Entries taken from a collection
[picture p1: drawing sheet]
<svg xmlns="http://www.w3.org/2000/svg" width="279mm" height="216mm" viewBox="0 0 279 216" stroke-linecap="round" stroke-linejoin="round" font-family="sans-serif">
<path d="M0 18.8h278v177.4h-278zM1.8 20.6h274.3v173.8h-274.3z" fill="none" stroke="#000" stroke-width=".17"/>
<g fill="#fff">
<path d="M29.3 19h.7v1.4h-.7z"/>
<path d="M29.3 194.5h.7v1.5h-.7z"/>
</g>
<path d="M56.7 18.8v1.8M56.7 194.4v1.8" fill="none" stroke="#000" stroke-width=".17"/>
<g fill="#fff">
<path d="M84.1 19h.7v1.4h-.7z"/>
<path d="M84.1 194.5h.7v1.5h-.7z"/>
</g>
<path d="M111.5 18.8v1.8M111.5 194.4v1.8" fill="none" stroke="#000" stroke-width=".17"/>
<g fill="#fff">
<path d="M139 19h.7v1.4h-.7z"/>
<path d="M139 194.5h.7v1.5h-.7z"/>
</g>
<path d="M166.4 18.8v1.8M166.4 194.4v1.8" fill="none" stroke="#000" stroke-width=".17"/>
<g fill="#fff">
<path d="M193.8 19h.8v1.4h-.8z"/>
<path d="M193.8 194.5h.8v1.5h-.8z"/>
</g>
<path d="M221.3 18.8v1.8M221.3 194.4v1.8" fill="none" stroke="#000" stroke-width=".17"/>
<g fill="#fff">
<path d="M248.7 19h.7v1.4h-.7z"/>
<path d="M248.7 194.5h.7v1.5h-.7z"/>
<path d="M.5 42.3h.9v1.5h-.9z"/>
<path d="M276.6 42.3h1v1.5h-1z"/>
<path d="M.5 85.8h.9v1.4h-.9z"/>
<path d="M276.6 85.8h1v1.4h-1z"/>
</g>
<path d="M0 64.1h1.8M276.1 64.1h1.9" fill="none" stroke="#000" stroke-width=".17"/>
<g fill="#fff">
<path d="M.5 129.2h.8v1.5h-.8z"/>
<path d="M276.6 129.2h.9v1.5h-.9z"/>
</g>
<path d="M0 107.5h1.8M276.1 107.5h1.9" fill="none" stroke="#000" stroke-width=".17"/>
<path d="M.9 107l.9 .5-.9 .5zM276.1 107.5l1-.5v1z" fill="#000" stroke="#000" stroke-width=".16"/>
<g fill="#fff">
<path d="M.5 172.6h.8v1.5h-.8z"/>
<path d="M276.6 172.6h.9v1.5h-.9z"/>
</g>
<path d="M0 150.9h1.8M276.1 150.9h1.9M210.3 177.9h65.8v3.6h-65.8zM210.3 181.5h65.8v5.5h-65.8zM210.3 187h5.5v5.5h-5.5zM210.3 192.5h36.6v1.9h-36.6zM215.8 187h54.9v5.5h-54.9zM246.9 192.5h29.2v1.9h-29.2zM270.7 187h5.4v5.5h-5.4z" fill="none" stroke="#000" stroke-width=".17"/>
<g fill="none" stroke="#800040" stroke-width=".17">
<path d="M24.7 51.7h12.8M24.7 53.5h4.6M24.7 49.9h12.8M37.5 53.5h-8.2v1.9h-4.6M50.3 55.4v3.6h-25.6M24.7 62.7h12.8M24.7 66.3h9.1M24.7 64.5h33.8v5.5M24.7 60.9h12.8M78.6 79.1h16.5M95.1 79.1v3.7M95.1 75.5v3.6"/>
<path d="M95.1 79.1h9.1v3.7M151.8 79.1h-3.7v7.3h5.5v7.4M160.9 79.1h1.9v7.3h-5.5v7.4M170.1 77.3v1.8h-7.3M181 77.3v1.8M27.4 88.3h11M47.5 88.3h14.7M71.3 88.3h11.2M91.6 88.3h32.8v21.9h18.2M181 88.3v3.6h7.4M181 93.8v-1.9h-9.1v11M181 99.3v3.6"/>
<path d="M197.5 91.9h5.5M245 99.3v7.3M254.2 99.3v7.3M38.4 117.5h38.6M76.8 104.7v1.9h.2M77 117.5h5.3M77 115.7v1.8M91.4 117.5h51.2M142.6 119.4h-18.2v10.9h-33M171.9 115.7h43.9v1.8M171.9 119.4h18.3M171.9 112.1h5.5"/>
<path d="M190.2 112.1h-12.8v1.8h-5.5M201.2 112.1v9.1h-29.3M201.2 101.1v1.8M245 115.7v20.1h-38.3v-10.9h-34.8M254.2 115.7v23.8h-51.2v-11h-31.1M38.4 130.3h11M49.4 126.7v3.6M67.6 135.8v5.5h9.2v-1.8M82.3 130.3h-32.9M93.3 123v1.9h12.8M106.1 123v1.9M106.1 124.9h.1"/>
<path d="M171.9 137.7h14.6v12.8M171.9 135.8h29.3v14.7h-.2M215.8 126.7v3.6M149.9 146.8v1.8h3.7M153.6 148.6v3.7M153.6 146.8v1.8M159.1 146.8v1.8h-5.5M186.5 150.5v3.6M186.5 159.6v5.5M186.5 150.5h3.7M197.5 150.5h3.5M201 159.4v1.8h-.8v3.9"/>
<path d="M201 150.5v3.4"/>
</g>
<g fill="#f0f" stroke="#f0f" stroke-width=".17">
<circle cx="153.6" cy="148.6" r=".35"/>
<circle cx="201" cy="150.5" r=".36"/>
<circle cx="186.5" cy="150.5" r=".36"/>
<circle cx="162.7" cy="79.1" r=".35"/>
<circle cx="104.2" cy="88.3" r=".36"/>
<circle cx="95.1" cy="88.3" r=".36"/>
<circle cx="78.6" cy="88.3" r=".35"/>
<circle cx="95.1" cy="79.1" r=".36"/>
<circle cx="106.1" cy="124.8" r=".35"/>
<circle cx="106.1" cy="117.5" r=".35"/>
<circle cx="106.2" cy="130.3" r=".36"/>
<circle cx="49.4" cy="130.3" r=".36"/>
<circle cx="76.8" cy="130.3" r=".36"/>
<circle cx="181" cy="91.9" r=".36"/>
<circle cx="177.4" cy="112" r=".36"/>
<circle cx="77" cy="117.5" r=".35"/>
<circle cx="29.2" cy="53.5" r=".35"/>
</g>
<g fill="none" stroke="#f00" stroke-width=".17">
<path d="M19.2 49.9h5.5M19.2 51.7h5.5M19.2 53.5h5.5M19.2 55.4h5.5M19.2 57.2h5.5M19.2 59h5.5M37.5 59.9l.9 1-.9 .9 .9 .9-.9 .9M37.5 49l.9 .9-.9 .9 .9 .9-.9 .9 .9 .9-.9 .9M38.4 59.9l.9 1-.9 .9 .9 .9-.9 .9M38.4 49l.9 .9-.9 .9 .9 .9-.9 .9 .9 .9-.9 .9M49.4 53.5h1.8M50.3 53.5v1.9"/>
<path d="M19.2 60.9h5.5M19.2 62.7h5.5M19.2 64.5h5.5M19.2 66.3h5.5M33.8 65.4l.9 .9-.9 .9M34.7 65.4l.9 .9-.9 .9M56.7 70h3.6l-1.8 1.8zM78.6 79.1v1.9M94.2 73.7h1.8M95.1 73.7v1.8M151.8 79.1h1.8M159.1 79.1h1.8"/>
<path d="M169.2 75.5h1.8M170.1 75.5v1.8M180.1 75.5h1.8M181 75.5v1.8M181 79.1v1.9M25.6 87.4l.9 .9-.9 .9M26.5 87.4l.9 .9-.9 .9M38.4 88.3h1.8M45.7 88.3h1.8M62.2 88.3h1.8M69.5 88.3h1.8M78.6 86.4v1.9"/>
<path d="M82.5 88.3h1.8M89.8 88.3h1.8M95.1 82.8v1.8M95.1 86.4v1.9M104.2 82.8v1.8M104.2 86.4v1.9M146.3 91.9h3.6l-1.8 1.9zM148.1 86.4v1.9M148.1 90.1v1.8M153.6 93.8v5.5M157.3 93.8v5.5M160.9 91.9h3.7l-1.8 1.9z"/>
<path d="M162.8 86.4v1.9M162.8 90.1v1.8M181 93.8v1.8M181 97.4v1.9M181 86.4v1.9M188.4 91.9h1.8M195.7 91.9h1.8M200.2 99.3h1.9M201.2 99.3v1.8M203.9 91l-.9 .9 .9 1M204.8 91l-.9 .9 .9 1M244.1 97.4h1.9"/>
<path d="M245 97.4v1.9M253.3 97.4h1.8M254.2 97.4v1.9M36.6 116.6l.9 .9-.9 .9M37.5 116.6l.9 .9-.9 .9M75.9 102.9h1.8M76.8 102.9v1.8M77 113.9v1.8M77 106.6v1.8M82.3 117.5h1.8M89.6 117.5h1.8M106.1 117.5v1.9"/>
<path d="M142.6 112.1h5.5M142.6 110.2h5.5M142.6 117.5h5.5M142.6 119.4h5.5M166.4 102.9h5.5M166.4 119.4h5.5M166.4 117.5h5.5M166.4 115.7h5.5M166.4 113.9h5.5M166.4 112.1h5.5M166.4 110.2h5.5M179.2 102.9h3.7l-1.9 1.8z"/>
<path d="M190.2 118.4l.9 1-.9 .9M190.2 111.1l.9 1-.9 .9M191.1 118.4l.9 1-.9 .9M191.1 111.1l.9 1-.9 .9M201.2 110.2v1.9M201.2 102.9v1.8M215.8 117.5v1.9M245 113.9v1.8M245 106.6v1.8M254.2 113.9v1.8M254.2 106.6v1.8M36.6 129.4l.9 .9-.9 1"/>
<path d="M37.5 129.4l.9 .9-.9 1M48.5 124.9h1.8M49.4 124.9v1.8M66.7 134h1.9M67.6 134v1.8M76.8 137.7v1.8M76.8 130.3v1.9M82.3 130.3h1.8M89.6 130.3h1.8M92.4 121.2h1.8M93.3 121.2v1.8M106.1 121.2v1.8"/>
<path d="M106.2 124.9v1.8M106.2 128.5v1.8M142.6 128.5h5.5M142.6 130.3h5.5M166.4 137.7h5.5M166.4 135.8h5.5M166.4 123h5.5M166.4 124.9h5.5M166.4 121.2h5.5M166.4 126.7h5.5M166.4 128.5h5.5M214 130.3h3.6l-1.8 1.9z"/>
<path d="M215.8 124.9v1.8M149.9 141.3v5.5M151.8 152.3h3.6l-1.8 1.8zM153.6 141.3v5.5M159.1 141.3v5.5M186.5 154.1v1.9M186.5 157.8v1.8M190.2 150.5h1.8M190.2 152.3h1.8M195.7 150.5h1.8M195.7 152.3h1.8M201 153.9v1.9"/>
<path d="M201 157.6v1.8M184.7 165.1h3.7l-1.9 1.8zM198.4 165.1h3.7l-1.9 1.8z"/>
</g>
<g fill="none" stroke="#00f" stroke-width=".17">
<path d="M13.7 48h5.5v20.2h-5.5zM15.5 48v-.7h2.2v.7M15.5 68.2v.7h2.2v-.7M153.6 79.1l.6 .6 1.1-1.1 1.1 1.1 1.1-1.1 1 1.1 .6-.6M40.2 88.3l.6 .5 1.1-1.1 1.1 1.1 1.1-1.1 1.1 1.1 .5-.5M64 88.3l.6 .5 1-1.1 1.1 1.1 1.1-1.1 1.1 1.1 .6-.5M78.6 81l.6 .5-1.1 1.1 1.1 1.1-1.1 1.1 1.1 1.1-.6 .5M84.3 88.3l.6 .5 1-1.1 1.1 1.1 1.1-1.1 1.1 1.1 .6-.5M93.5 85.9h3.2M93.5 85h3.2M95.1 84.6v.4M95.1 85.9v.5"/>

### Goal of the exercise
Return, from the data, each line that has the word "none" in it.

### Solution to the problem
<path d="M0 18.8h278v177.4h-278zM1.8 20.6h274.3v173.8h-274.3z" fill="none" stroke="#000" stroke-width=".17"/>
<path d="M56.7 18.8v1.8M56.7 194.4v1.8" fill="none" stroke="#000" stroke-width=".17"/>
<path d="M111.5 18.8v1.8M111.5 194.4v1.8" fill="none" stroke="#000" stroke-width=".17"/>
<path d="M166.4 18.8v1.8M166.4 194.4v1.8" fill="none" stroke="#000" stroke-width=".17"/>
<path d="M221.3 18.8v1.8M221.3 194.4v1.8" fill="none" stroke="#000" stroke-width=".17"/>
<path d="M0 64.1h1.8M276.1 64.1h1.9" fill="none" stroke="#000" stroke-width=".17"/>
<path d="M0 107.5h1.8M276.1 107.5h1.9" fill="none" stroke="#000" stroke-width=".17"/>
<path d="M0 150.9h1.8M276.1 150.9h1.9M210.3 177.9h65.8v3.6h-65.8zM210.3 181.5h65.8v5.5h-65.8zM210.3 187h5.5v5.5h-5.5zM210.3 192.5h36.6v1.9h-36.6zM215.8 187h54.9v5.5h-54.9zM246.9 192.5h29.2v1.9h-29.2zM270.7 187h5.4v5.5h-5.4z" fill="none" stroke="#000" stroke-width=".17"/>
<g fill="none" stroke="#800040" stroke-width=".17">
<g fill="none" stroke="#f00" stroke-width=".17">
<g fill="none" stroke="#00f" stroke-width=".17">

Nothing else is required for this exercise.